Defending the faith: a pagan's christ
By W. Ward Gasque
Tom Harpur: The Pagan Christ, Thomas Allen, 2004.
IN 1970, Tom Harpur was a committed Anglican priest. Today, as Canada's best-known religious journalist, his understanding of God, the world and salvation seems to be that of a theosophist or neo-gnostic.
The Pagan Christ focuses mainly on Alvin Boyd Kuhn (1880 1963), who argued that the key ideas of Judaism and Christianity came mainly from Egyptian religion. Harpur maintains that Kuhn "towers above all others of recent memory in . . . his understanding of the world's religions." He declares himself "stunned at the silence with which [Kuhn's] writings have been greeted by scholars."
Kuhn wrote that Christ's life "is paralleled in the lives of the 20 or more 'World Saviours,' including Thoth, Orpheus . . . Buddha, Krishna, Dionysus, Osiris, Zoroaster [and] Apollonius." Originally, he contended, no one believed the Bible to be literally true; the narratives in the Hebrew and Greek scriptures were interpreted as myth or symbol, not history. However, he maintained, toward the end of the third century AD, the leaders of the church began to misinterpret the Bible.
For Kuhn, the key concept was the incarnation, which meant that every person could have Christ within them. He believed that the leaders of what became Christian orthodoxy made a tragic mistake by identifying this religious experience with a historical event namely, the birth, life and ministry of Jesus of Nazareth.

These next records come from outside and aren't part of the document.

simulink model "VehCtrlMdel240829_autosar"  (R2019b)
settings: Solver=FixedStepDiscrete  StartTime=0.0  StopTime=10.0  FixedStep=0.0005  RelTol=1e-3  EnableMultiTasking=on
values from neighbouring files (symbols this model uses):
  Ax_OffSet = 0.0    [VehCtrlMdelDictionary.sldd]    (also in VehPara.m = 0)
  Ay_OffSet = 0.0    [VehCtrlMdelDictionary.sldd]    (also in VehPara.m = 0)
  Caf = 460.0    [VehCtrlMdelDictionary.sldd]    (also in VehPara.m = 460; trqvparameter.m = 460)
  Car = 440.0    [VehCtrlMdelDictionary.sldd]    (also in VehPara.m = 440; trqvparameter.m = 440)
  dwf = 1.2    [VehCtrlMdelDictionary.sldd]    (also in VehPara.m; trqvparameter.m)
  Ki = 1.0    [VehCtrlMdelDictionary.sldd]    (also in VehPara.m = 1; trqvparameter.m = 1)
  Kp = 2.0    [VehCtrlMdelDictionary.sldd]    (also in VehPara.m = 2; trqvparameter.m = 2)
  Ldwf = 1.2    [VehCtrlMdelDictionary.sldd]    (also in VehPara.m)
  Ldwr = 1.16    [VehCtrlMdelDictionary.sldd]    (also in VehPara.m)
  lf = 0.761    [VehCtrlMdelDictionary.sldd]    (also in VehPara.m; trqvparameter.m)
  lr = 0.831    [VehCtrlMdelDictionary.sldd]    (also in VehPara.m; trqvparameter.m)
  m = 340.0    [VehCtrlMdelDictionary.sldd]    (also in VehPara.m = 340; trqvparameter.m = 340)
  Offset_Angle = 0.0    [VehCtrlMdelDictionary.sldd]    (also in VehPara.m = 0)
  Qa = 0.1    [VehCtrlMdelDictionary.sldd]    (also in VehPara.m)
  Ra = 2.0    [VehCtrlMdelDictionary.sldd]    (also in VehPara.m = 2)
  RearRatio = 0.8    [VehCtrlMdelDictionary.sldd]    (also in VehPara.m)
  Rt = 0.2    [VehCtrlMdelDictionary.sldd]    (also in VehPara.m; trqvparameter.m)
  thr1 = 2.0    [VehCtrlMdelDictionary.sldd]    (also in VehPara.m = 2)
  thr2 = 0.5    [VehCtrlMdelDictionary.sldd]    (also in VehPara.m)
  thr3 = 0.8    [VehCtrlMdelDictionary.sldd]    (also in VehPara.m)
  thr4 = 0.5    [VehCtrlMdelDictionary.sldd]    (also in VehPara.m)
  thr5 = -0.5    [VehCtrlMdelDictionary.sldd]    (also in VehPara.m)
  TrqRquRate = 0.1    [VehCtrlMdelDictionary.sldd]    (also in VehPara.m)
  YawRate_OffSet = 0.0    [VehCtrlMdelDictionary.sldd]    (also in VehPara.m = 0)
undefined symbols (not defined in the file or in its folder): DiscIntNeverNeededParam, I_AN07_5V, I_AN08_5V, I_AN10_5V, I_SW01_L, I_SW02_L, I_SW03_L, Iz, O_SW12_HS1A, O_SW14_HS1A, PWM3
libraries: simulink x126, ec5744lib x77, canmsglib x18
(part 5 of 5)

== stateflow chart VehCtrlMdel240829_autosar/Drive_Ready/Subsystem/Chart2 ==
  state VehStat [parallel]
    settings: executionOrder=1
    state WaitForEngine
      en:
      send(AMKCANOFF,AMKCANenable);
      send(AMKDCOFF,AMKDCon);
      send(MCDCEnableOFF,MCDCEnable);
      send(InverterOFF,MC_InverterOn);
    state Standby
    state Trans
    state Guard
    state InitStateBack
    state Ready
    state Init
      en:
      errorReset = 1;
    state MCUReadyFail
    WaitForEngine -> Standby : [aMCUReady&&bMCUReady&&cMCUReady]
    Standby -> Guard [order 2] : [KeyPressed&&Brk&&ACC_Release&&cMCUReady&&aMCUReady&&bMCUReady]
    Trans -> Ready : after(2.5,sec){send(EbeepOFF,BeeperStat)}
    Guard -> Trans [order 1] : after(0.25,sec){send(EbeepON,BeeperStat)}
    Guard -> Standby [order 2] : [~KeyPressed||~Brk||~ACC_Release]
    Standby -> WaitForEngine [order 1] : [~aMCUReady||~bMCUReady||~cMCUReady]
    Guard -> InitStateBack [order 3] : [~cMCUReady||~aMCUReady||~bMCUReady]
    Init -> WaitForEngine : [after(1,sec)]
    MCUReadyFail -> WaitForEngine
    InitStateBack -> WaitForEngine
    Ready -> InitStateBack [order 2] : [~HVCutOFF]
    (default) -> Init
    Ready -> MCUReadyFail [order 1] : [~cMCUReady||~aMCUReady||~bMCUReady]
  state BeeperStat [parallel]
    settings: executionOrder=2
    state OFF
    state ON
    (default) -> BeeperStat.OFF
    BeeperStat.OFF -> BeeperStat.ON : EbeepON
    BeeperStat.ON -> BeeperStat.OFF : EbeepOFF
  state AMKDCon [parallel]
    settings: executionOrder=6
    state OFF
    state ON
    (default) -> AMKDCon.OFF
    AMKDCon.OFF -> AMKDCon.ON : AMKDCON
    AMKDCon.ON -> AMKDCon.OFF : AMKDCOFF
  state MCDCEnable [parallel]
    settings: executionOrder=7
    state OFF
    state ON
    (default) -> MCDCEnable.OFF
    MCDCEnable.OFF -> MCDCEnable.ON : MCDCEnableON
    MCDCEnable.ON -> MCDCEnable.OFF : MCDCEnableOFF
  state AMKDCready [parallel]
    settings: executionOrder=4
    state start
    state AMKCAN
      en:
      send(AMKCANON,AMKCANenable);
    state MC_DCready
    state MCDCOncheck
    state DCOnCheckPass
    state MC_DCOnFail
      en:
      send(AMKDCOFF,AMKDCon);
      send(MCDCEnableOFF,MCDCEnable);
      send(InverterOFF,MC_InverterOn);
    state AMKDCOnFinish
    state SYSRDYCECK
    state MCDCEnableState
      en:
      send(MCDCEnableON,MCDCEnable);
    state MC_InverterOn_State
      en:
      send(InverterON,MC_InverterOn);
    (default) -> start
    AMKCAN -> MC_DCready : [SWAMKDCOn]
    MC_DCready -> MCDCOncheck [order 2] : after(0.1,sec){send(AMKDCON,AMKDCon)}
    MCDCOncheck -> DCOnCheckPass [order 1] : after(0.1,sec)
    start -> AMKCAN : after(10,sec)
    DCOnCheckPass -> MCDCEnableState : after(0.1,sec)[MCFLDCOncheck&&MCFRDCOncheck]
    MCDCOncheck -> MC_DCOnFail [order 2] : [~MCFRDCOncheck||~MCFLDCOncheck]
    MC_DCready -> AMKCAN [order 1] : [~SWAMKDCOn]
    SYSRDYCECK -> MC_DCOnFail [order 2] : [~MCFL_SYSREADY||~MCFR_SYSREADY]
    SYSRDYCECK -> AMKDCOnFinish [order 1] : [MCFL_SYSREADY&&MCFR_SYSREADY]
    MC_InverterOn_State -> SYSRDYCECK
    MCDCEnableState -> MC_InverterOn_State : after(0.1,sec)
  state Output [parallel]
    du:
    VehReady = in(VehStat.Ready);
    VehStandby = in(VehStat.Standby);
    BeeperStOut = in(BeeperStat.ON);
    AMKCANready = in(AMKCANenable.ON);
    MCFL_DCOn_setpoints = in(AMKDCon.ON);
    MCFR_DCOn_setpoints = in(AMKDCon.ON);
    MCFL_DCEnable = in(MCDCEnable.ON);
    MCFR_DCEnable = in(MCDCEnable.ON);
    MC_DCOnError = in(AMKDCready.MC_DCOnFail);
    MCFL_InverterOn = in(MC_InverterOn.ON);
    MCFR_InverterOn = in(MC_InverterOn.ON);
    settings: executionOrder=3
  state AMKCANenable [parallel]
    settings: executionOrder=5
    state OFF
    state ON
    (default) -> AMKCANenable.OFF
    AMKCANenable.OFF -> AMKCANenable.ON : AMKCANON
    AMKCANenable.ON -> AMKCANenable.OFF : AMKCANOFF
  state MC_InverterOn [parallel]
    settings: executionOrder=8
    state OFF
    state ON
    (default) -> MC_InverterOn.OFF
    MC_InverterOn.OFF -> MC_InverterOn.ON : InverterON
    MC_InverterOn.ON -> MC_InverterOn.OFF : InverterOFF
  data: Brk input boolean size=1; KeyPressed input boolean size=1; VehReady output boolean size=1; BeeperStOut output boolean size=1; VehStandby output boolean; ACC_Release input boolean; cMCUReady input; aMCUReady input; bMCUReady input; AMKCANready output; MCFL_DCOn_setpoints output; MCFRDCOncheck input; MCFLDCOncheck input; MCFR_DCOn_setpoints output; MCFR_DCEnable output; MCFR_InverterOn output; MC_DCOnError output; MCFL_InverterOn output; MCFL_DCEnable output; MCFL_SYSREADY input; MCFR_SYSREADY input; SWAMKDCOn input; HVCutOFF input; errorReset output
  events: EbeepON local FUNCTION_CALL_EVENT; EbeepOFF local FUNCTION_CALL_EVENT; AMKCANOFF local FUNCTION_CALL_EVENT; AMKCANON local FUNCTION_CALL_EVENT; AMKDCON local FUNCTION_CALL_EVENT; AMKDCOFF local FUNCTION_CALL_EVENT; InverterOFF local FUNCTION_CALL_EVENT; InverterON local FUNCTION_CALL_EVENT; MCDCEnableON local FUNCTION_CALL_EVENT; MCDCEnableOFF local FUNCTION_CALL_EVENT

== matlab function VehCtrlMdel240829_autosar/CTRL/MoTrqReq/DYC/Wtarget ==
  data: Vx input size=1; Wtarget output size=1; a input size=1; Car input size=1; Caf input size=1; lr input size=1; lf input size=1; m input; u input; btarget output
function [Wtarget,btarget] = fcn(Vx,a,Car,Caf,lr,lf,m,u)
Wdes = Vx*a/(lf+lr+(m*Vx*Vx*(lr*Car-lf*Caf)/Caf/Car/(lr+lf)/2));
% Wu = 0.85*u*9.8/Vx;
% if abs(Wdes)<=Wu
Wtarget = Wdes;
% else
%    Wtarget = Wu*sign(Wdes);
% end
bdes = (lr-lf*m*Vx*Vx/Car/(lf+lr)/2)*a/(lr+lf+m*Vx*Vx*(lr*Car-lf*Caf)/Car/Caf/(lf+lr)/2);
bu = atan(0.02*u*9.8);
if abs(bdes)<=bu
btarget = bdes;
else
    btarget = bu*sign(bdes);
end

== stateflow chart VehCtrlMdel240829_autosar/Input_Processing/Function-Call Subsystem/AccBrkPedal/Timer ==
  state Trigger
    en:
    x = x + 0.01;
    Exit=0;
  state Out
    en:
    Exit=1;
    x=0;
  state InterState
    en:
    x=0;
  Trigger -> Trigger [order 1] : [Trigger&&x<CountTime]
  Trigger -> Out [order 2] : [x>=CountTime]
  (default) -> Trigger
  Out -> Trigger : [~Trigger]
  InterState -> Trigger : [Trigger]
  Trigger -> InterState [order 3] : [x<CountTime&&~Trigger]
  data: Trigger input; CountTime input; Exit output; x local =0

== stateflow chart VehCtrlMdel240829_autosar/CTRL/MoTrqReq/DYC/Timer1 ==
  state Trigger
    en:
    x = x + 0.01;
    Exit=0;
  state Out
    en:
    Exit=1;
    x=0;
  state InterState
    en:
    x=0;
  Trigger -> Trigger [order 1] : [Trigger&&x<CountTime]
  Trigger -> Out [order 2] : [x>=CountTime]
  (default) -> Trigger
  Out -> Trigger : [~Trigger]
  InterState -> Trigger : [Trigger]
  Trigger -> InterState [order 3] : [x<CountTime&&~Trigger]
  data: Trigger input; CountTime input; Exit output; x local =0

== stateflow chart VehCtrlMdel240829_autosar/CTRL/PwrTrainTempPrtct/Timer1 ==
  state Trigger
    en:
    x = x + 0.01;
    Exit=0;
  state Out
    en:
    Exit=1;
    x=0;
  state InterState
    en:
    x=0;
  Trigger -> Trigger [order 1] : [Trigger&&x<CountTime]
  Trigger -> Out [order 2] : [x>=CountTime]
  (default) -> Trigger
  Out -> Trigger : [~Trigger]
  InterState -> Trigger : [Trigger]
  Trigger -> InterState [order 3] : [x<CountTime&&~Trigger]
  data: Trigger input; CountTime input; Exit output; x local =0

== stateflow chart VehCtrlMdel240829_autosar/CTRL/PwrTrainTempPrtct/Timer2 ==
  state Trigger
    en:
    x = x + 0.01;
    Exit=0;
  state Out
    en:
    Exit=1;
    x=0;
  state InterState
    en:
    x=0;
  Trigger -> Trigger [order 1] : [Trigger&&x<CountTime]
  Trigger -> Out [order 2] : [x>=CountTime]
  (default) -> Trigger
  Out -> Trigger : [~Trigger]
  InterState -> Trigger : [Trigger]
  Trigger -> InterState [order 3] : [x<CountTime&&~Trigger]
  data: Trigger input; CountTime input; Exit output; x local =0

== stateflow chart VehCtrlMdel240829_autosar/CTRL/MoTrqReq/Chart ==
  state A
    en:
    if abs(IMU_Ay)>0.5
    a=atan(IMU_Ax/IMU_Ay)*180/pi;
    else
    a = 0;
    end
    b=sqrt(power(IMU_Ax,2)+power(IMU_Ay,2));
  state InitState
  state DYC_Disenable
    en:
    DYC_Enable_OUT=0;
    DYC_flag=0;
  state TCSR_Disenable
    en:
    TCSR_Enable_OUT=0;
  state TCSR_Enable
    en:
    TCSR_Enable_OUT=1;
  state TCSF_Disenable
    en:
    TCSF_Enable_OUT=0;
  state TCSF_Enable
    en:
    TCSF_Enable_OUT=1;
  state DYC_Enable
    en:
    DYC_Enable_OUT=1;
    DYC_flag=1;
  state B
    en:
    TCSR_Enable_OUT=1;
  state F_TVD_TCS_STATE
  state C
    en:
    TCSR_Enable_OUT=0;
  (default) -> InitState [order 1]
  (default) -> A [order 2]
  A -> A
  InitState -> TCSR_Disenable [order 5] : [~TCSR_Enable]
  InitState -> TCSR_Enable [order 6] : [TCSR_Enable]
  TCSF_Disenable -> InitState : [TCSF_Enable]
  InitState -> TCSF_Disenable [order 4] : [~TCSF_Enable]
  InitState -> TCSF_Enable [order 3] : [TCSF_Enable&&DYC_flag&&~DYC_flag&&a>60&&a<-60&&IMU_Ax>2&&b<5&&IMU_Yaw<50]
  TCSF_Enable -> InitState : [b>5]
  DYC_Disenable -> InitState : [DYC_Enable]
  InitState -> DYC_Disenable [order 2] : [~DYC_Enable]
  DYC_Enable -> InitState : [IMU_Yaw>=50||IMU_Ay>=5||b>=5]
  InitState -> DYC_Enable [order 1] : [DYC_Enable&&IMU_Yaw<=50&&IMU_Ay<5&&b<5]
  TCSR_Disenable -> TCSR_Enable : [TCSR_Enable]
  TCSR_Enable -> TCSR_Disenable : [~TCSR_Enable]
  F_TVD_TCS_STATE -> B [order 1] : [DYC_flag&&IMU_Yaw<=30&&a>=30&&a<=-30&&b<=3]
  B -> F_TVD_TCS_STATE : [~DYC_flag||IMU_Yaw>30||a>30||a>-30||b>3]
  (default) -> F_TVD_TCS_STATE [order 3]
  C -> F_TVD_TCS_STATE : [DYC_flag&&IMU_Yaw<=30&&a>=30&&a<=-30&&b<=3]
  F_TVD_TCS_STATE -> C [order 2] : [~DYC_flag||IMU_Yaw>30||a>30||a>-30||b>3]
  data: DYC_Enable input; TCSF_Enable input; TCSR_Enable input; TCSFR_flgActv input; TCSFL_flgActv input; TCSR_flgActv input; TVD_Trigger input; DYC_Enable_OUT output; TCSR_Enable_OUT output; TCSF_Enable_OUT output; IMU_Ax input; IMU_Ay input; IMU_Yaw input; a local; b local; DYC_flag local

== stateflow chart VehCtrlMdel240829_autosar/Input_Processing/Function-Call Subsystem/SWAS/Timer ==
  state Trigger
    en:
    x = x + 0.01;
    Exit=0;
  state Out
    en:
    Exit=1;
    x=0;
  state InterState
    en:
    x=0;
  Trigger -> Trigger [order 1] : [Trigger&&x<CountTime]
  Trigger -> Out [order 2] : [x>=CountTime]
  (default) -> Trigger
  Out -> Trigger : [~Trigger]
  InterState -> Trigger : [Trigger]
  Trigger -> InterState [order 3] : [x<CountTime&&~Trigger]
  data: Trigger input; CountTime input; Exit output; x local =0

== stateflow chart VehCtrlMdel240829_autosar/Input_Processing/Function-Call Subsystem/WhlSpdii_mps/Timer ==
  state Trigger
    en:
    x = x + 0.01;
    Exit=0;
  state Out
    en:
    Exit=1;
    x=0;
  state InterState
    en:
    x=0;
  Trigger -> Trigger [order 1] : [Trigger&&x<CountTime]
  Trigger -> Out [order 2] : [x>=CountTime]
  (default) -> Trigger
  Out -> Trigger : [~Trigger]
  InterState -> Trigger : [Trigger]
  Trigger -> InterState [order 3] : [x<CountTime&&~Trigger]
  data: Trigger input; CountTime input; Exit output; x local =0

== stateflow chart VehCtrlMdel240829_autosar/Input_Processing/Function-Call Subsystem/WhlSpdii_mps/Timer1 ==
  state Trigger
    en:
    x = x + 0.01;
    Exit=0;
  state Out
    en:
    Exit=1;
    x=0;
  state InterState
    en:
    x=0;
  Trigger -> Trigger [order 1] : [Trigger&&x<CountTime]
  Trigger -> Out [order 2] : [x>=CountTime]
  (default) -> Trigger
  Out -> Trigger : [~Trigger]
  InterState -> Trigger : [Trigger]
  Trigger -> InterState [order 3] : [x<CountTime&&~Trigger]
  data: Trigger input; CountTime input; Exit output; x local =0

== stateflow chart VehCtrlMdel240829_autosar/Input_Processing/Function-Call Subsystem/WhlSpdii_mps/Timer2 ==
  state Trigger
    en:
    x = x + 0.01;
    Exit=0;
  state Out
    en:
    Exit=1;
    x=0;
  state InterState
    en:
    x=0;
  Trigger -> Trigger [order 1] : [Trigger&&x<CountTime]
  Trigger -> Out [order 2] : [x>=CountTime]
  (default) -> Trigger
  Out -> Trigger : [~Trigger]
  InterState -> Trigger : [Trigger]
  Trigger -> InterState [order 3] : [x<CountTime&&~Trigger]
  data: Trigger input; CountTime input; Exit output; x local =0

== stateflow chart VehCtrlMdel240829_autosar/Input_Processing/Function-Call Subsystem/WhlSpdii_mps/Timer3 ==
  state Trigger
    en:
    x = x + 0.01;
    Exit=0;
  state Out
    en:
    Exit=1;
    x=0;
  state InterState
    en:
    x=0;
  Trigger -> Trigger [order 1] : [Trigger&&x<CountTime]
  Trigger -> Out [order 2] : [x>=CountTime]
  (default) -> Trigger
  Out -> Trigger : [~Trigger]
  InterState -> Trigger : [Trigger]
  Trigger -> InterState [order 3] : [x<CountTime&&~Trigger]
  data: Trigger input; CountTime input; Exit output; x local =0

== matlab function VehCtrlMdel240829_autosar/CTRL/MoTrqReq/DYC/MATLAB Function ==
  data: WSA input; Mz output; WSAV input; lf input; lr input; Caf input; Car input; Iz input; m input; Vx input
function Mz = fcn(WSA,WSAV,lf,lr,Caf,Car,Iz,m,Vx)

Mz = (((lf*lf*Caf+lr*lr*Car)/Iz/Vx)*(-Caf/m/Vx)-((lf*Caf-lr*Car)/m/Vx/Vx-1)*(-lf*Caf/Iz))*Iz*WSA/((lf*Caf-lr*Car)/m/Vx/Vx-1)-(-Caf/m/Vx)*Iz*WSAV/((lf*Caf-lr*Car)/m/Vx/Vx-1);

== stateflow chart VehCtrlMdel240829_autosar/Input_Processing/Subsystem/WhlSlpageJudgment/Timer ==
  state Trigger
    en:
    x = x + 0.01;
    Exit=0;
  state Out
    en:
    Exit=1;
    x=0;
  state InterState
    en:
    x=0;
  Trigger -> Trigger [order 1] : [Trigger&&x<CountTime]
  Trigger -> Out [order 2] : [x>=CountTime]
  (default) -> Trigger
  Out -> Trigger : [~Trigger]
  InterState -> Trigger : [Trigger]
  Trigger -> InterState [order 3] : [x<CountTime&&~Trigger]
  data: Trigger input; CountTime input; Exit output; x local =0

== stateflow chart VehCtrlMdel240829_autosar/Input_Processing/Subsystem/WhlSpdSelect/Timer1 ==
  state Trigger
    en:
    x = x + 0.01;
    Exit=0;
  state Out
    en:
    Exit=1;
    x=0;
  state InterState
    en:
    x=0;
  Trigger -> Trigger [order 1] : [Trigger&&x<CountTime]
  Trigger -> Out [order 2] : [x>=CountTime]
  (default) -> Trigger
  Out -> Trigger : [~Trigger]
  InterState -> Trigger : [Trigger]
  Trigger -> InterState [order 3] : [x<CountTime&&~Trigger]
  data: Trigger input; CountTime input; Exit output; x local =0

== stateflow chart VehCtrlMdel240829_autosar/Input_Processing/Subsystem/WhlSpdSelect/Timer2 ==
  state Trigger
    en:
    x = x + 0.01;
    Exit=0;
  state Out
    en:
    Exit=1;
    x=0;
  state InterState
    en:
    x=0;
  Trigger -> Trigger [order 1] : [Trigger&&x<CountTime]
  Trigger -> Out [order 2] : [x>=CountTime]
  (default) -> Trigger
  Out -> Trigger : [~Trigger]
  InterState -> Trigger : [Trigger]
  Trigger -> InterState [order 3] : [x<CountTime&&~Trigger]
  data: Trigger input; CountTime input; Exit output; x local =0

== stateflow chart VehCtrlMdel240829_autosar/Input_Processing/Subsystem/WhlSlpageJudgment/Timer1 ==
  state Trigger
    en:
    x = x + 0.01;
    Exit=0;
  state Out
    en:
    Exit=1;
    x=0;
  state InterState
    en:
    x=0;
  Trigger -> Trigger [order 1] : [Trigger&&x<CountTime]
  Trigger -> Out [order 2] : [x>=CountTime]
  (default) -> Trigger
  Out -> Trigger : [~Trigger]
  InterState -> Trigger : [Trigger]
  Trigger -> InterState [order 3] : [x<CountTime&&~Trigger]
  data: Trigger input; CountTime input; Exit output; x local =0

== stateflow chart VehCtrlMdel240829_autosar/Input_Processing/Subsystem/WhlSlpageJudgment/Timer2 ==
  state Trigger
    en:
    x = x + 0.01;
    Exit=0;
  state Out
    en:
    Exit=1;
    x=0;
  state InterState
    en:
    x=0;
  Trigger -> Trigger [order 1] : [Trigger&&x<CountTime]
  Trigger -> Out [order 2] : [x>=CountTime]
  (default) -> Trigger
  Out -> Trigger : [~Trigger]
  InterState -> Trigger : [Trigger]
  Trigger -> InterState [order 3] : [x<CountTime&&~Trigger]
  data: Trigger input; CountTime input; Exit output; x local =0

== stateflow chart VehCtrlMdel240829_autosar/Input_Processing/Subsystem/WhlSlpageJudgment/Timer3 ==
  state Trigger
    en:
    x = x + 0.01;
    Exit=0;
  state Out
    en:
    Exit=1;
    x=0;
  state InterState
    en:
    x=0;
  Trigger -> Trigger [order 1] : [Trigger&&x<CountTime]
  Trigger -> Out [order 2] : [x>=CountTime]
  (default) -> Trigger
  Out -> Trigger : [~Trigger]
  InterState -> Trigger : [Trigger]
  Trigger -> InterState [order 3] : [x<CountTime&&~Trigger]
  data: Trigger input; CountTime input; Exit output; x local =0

According to Harpur, there is no evidence that Jesus ever lived. He claims that virtually all the details of the life and teachings of Jesus have their counterpart in Egyptian religious ideas; he also maintains there are strong parallels between Christ's life and Greek, Hindu and Buddhist myths. Harpur claims:
That the god Horus is "an Egyptian Christos, or Christ . . . He and his mother, Isis, were the forerunners of the Christian Madonna and Child, and together they constituted a leading image in Egyptian religion for millennia prior to the Gospels."
That Horus also "had a virgin birth, and that in one of his roles, he was 'a fisher of men with 12 followers.'"
That "the letters KRST appear on Egyptian mummy coffins many centuries BCE [and] this word, when the vowels are filled in . . . is really Karast or Krist, signifying Christ."
That the incarnation "is in fact the oldest, most universal mythos known to religion. It was current in the Osirian religion in Egypt at least 4,000 years BCE."
I consulted 10 expert Egyptologists, and the consensus of opinion was that there is no evidence for the idea that Horus was virgin born. Further, the New Testament Mary was certainly not a goddess, like Isis. There is no evidence for the idea that Horus was 'a fisher of men' or that his followers, the king's officials, were ever 12 in number.
KRST is the word for 'burial' ('coffin' is written 'KRSW'); but there is no evidence whatsoever to link this with the Greek title 'Christos,' or Hebrew 'Mashiah.'
There is no mention of Osiris in Egyptian texts until about 2350 BCE, so Harpur's reference to the origins of Osirian religion is off by more than a millennium and a half.
Elsewhere, Harpur refers to "Jesus in Egyptian lore as early as 18,000 BCE"; and he quotes Kuhn as claiming that "the Jesus who stands as the founder of Christianity was at least 10,000 years of age." In fact, the earliest extant writing that we have dates from about 3200 BCE.
Virtually none of the alleged evidence in The Pagan Christ is documented by reference to original sources. The notes which frequently refer to long-out-of-date works abound with errors and omissions. Many quotations are taken out of context and clearly misinterpreted.
The book is chock full of questionable claims, such as: that "Christianity began as a cult with almost wholly Pagan origins and motivations in the first century"; that nearly all of the most creative leaders of the earliest church were pronounced heretics and reviled by "those who had swept in and grabbed control of [church] policies"; that "apart from the four Gospels . . . and the Epistles, there is no hard, historical evidence for Jesus' existence coming out of the first century at all."
Harpur claims that "the greatest cover-up of all time" was perpetrated at the beginning of the fourth century; and that thousands of Christian scholars have a vested interest in maintaining the myth that there was an actual Jesus who lived in history.
Presumably, the Jewish, Unitarian, secular and very liberal Christians who happen to be recognized scholars have no axes to grind regarding whether or not Jesus actually lived, or whether most of the ideas found in the Bible stem from Egyptian or other Near Eastern religions. It would be unlikely that you could find more than a handful who believe that Jesus of Nazareth did not live and walk the dusty roads of Palestine.
Harpur's book is based on the work of self-appointed 'scholars,' who seek to excavate literary and archaeological resources of the ancient world the way a crossword puzzle enthusiast mines dictionaries and lists of words rather than by primary scholarship.
W. Ward Gasque is a co-founder of Regent College and a historian of early Christianity.